[Source records]
· · · · · · ·

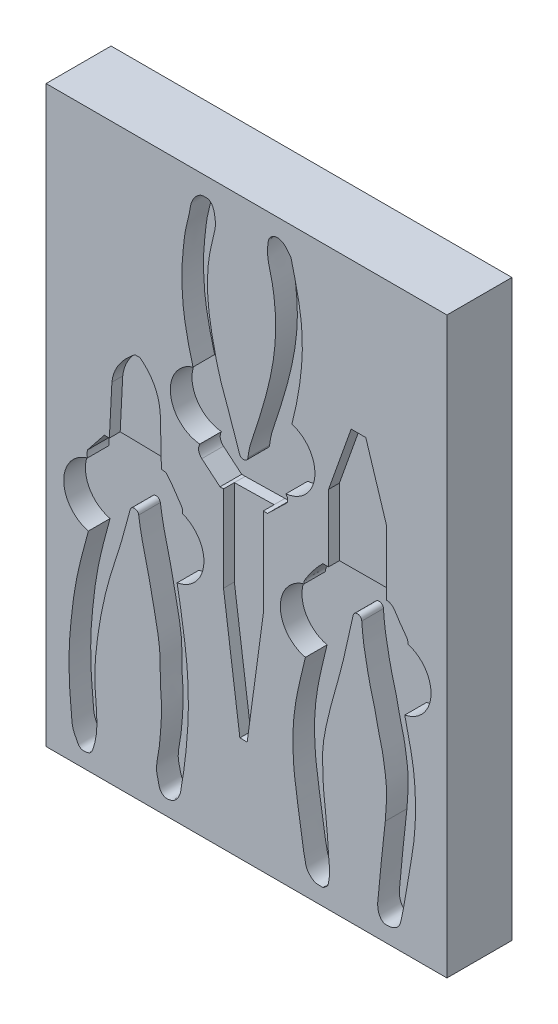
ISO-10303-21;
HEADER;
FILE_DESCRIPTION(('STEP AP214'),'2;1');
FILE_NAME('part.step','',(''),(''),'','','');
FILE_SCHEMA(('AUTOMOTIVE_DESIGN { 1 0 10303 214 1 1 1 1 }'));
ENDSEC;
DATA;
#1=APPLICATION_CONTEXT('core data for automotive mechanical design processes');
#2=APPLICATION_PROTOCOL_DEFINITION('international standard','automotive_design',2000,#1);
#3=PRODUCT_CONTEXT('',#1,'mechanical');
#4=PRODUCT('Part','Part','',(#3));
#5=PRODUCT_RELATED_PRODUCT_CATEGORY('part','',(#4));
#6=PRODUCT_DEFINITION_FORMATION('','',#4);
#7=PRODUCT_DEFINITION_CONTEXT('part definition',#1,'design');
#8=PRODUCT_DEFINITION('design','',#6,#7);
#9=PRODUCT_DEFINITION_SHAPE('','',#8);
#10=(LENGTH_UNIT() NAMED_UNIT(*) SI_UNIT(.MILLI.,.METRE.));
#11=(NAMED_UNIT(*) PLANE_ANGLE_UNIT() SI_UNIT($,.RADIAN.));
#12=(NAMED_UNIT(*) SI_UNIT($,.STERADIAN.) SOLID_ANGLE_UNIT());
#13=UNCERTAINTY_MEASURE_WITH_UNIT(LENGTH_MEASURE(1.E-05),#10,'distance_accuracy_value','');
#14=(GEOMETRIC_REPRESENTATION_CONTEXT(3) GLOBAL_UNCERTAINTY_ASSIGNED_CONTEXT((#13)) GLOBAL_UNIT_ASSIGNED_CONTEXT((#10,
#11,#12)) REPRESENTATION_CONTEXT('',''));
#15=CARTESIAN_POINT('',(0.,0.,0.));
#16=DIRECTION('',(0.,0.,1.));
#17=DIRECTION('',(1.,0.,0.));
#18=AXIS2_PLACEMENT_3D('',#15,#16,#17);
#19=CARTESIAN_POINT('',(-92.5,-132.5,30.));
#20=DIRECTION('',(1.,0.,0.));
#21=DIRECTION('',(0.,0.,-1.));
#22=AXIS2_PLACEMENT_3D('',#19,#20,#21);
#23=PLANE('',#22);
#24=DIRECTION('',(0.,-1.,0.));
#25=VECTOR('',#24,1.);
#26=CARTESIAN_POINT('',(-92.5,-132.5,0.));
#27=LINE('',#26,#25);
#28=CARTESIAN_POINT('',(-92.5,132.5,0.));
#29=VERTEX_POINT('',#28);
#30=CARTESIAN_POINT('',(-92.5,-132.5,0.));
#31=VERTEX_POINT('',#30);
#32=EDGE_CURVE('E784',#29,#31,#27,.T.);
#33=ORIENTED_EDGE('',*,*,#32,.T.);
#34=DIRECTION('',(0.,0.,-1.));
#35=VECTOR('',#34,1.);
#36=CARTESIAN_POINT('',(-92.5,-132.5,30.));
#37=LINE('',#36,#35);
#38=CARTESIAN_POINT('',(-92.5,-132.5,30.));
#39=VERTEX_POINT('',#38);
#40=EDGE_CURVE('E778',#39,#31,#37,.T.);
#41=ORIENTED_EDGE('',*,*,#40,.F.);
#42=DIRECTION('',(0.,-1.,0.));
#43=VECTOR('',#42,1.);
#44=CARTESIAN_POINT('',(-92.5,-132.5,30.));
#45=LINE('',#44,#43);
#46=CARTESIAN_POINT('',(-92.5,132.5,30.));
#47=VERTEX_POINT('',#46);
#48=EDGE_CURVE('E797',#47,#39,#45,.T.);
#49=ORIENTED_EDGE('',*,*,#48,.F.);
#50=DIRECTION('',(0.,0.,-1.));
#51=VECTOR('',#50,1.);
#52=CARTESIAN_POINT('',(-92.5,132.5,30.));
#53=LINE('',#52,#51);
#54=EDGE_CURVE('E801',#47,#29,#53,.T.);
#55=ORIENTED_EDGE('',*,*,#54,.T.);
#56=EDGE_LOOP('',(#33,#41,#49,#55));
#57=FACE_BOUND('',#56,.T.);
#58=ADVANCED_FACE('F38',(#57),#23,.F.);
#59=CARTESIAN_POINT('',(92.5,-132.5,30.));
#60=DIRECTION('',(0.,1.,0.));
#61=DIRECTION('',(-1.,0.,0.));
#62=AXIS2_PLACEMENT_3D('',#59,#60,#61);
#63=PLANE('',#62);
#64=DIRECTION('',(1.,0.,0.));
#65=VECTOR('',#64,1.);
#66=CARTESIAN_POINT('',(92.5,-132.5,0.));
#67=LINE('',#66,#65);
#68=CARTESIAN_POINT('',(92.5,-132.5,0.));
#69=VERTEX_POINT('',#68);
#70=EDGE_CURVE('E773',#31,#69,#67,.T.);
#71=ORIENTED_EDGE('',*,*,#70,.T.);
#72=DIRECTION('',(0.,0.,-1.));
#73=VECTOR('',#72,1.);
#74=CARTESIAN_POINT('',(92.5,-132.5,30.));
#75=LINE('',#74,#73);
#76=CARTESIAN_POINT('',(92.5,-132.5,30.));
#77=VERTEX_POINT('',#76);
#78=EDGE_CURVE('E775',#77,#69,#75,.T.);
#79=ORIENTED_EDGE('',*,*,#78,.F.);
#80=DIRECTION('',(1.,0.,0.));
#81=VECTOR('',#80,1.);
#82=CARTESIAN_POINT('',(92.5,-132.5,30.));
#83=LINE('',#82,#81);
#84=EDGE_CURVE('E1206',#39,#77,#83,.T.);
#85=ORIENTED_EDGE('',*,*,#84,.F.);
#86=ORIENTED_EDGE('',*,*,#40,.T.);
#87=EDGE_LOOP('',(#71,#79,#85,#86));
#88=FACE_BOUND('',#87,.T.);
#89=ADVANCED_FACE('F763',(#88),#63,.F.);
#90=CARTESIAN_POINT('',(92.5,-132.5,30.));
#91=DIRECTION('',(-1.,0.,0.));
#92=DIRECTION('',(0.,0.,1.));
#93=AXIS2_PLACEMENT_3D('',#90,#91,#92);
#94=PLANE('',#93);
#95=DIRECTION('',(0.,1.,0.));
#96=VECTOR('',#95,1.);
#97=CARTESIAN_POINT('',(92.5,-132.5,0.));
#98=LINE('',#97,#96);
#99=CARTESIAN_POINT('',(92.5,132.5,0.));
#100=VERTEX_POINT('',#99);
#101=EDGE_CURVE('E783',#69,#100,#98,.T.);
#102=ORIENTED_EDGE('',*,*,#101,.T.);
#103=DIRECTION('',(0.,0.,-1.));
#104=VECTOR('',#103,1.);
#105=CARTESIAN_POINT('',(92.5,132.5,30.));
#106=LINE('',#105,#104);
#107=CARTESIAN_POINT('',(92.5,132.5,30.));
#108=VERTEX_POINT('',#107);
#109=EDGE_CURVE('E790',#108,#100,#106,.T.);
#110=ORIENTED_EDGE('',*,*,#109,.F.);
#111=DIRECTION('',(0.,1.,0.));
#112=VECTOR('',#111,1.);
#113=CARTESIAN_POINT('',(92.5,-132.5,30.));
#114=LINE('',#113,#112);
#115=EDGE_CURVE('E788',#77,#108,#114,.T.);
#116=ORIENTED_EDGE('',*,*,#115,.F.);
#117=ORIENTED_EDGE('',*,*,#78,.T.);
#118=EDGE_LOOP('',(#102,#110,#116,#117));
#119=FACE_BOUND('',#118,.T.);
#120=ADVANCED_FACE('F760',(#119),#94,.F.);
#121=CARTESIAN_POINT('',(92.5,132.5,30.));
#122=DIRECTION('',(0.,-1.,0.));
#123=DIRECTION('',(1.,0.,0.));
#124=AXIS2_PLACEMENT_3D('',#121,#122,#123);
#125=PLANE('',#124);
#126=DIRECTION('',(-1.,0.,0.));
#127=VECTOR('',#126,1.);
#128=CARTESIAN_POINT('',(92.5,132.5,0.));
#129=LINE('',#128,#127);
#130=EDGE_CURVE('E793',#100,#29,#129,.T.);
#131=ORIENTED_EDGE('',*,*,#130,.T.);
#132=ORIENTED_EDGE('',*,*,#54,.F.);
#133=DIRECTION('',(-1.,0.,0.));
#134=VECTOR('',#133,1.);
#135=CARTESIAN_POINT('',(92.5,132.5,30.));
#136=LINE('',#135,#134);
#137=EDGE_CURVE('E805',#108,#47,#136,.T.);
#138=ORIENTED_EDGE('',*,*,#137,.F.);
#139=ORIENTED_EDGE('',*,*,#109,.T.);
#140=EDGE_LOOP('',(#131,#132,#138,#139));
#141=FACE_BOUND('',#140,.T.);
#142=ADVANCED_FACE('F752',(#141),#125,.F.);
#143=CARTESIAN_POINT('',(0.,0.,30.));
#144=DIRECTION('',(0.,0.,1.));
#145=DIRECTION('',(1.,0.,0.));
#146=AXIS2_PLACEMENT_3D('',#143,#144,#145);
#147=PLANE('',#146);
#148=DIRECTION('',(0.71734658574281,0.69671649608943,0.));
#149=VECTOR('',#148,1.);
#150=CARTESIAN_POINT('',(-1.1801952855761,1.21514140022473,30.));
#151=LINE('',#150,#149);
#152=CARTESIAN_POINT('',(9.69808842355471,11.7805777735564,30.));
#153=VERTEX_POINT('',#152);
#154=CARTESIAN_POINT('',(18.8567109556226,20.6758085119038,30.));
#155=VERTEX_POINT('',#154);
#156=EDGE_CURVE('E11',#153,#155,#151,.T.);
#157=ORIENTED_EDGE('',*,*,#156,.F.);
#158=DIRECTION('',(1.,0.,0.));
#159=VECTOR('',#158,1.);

· · · · · · ·

Copy out, word for word, the part of the entries above that begins at the line with "#87=EDGE_LOOP('',(#71,#79,#85,#86));" and ends at the line with "#127=VECTOR('',#126,1.);", including both.

#87=EDGE_LOOP('',(#71,#79,#85,#86));
#88=FACE_BOUND('',#87,.T.);
#89=ADVANCED_FACE('F763',(#88),#63,.F.);
#90=CARTESIAN_POINT('',(92.5,-132.5,30.));
#91=DIRECTION('',(-1.,0.,0.));
#92=DIRECTION('',(0.,0.,1.));
#93=AXIS2_PLACEMENT_3D('',#90,#91,#92);
#94=PLANE('',#93);
#95=DIRECTION('',(0.,1.,0.));
#96=VECTOR('',#95,1.);
#97=CARTESIAN_POINT('',(92.5,-132.5,0.));
#98=LINE('',#97,#96);
#99=CARTESIAN_POINT('',(92.5,132.5,0.));
#100=VERTEX_POINT('',#99);
#101=EDGE_CURVE('E783',#69,#100,#98,.T.);
#102=ORIENTED_EDGE('',*,*,#101,.T.);
#103=DIRECTION('',(0.,0.,-1.));
#104=VECTOR('',#103,1.);
#105=CARTESIAN_POINT('',(92.5,132.5,30.));
#106=LINE('',#105,#104);
#107=CARTESIAN_POINT('',(92.5,132.5,30.));
#108=VERTEX_POINT('',#107);
#109=EDGE_CURVE('E790',#108,#100,#106,.T.);
#110=ORIENTED_EDGE('',*,*,#109,.F.);
#111=DIRECTION('',(0.,1.,0.));
#112=VECTOR('',#111,1.);
#113=CARTESIAN_POINT('',(92.5,-132.5,30.));
#114=LINE('',#113,#112);
#115=EDGE_CURVE('E788',#77,#108,#114,.T.);
#116=ORIENTED_EDGE('',*,*,#115,.F.);
#117=ORIENTED_EDGE('',*,*,#78,.T.);
#118=EDGE_LOOP('',(#102,#110,#116,#117));
#119=FACE_BOUND('',#118,.T.);
#120=ADVANCED_FACE('F760',(#119),#94,.F.);
#121=CARTESIAN_POINT('',(92.5,132.5,30.));
#122=DIRECTION('',(0.,-1.,0.));
#123=DIRECTION('',(1.,0.,0.));
#124=AXIS2_PLACEMENT_3D('',#121,#122,#123);
#125=PLANE('',#124);
#126=DIRECTION('',(-1.,0.,0.));
#127=VECTOR('',#126,1.);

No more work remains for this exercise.